- WORK TO BE COMPLETED -
Output exactly the first line of the listing and each line after it, through the line that contains "from ezdxf.enums import"; add nothing else.

- DATA TO USE -
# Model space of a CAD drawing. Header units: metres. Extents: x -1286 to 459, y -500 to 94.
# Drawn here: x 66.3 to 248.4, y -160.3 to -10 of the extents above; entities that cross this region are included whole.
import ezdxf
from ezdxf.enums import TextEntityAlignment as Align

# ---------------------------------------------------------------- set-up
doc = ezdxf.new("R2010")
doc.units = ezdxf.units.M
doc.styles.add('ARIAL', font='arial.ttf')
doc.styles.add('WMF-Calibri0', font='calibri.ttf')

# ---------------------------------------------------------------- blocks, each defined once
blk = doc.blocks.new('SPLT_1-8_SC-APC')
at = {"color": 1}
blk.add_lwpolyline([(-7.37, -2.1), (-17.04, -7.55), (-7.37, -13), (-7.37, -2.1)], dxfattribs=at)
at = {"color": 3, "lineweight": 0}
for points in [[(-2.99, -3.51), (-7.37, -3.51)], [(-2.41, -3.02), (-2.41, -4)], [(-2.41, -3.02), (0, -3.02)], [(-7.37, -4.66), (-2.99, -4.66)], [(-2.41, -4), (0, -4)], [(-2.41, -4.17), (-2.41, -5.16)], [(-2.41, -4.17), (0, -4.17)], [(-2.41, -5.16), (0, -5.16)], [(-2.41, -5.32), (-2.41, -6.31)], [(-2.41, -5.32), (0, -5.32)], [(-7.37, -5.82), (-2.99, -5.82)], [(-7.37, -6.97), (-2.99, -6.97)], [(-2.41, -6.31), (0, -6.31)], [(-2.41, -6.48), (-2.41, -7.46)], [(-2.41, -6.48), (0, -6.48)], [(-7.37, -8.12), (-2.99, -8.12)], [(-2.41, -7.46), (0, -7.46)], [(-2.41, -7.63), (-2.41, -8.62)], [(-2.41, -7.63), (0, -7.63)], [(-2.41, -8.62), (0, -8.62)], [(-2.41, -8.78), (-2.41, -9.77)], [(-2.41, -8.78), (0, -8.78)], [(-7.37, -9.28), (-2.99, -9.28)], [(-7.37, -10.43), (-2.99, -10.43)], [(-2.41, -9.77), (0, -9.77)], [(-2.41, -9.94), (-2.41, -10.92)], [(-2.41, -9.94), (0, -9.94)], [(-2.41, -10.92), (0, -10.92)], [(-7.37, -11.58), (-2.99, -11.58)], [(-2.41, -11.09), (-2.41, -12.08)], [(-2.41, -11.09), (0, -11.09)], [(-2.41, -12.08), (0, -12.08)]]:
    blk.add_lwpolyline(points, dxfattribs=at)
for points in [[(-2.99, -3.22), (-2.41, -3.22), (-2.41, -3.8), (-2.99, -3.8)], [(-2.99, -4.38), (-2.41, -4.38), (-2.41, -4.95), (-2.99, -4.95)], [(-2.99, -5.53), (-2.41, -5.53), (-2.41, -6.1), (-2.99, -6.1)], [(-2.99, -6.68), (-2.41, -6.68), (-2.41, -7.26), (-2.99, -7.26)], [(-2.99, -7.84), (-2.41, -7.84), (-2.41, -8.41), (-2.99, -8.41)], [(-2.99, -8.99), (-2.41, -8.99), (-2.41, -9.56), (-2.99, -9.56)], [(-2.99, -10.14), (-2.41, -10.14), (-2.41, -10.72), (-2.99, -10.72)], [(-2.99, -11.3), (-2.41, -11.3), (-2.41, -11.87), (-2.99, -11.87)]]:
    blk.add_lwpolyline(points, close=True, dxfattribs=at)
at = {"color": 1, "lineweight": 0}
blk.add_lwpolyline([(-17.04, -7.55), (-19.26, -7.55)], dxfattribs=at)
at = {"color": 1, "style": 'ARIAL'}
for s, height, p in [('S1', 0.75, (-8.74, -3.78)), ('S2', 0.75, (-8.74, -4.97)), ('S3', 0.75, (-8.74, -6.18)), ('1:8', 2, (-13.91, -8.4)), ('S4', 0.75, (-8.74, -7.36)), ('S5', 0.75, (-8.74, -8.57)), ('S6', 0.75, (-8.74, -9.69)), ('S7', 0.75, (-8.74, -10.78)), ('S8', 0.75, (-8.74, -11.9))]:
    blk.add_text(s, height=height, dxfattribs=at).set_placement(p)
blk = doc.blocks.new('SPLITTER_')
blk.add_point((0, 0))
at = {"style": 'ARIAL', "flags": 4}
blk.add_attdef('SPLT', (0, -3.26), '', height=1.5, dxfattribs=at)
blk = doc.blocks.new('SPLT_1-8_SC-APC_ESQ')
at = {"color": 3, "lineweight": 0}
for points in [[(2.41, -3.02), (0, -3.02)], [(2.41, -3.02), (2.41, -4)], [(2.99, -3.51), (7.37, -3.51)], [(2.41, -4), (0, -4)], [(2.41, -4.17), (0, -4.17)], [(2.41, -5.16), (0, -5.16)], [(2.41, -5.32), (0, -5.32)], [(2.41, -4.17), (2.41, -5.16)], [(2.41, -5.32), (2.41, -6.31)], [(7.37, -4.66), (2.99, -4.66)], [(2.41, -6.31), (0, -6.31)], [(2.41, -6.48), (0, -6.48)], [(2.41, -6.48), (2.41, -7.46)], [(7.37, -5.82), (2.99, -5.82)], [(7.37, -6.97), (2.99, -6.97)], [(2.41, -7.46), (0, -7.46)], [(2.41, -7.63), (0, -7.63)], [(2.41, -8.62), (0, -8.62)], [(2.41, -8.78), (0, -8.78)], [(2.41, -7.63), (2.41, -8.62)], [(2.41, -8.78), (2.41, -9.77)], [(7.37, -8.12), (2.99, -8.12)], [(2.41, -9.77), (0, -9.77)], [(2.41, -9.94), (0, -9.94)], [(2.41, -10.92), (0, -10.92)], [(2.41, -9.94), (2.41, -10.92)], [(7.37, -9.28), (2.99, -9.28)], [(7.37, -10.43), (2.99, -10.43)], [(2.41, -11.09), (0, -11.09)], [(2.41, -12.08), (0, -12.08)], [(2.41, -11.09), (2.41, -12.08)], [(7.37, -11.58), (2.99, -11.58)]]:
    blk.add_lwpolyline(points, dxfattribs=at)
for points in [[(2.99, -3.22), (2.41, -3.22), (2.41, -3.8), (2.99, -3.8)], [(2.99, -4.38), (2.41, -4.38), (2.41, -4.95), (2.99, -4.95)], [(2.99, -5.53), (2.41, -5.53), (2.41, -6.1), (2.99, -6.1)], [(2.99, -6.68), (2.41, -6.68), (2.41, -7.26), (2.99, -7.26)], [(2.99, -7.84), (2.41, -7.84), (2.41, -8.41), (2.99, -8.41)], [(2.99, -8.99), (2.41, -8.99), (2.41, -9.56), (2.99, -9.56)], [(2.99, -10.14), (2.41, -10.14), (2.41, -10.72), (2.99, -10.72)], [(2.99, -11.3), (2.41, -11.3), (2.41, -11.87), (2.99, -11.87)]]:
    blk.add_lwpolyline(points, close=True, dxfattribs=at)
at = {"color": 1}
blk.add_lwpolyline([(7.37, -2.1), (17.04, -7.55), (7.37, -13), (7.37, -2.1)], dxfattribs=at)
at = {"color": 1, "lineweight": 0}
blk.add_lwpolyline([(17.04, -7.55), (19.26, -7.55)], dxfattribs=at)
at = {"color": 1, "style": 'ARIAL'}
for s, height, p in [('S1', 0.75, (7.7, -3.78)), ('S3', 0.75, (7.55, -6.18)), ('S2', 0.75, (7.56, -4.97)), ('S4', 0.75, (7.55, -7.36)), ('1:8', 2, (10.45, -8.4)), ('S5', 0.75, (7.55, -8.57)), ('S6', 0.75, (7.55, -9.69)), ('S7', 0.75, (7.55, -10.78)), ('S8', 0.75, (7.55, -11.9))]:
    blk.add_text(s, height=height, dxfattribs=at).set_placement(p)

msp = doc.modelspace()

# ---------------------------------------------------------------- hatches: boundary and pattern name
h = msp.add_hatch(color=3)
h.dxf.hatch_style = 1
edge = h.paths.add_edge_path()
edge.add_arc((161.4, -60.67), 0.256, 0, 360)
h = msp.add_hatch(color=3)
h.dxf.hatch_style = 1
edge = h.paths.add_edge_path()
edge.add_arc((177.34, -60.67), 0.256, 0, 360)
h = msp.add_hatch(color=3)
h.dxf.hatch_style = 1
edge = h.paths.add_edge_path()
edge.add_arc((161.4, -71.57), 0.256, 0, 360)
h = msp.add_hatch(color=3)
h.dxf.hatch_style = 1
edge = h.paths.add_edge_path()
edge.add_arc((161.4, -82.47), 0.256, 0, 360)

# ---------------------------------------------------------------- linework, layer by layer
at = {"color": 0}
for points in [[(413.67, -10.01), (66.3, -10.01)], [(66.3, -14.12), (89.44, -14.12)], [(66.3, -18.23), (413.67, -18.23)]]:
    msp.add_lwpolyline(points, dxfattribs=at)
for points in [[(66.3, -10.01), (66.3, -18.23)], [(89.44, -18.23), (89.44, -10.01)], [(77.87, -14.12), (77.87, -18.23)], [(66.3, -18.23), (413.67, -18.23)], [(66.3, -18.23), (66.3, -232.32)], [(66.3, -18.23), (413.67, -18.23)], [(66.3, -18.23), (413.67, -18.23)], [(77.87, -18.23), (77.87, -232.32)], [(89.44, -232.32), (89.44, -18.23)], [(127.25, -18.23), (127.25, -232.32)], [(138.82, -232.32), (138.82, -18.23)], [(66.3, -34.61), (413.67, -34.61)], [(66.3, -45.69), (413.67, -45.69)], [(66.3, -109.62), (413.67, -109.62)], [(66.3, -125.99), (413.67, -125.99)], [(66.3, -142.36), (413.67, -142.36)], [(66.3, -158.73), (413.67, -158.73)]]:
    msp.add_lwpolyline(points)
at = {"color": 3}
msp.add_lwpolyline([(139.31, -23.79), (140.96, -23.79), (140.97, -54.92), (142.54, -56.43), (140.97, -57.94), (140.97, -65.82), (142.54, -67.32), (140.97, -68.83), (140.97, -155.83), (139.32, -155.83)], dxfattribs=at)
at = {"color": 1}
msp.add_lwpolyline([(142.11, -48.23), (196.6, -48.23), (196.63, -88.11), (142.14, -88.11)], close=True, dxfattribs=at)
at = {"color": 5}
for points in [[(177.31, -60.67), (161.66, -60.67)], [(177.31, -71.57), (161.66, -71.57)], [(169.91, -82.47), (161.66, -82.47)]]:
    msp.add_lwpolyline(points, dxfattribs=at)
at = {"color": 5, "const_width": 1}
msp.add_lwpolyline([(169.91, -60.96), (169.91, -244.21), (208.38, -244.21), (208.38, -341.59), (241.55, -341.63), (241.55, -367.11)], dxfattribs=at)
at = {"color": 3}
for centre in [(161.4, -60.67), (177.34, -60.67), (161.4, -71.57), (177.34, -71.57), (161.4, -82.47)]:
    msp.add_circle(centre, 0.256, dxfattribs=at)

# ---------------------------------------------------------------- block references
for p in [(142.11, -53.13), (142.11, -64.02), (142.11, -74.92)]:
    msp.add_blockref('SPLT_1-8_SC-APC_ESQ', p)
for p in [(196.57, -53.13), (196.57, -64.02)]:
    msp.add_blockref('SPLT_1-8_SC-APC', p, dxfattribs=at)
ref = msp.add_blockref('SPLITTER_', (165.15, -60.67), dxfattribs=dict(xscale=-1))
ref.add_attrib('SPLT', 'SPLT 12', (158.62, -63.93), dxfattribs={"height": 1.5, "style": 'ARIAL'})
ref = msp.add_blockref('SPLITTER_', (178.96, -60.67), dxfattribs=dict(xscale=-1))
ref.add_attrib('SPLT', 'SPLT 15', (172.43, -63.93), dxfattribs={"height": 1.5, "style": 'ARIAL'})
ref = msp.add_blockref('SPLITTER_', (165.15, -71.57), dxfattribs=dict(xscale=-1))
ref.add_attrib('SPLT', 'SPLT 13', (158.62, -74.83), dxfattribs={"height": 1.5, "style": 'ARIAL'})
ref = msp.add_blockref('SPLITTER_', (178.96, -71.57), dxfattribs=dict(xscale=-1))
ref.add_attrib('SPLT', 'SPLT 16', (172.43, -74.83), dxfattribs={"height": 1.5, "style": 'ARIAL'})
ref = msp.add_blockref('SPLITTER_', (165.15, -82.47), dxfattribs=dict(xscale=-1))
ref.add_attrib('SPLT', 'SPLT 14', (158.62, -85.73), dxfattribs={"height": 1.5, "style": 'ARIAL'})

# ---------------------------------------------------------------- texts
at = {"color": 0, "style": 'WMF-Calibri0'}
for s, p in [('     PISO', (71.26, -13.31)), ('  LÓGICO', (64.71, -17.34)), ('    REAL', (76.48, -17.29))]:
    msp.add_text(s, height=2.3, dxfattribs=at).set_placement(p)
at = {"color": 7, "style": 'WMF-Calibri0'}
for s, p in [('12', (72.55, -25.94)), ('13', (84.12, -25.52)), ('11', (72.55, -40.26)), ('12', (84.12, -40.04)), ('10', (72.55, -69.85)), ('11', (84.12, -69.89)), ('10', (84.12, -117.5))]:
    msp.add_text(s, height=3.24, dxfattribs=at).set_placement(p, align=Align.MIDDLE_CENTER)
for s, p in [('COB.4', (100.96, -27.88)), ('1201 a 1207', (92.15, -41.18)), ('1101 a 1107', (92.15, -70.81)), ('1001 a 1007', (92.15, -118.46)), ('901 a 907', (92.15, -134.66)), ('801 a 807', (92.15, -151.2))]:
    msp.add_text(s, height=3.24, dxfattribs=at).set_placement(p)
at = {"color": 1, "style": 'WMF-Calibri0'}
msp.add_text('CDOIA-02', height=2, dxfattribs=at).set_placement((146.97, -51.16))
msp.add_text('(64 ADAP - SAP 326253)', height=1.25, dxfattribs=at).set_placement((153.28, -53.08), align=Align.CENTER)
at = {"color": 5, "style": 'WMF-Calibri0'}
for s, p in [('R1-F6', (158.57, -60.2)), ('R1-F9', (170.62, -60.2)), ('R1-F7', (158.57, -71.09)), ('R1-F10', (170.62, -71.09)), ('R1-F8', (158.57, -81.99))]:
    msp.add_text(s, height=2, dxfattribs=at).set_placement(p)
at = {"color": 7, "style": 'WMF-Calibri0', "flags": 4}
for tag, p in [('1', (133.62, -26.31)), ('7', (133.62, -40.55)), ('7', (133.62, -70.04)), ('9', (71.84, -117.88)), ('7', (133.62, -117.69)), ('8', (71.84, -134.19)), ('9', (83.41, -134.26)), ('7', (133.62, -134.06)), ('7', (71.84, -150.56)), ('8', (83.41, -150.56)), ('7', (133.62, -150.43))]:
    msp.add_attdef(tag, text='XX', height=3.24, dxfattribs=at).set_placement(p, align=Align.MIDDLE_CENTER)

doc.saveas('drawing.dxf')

- RESPONSE -
# Model space of a CAD drawing. Header units: metres. Extents: x -1286 to 459, y -500 to 94.
# Drawn here: x 66.3 to 248.4, y -160.3 to -10 of the extents above; entities that cross this region are included whole.
import ezdxf
from ezdxf.enums import TextEntityAlignment as Align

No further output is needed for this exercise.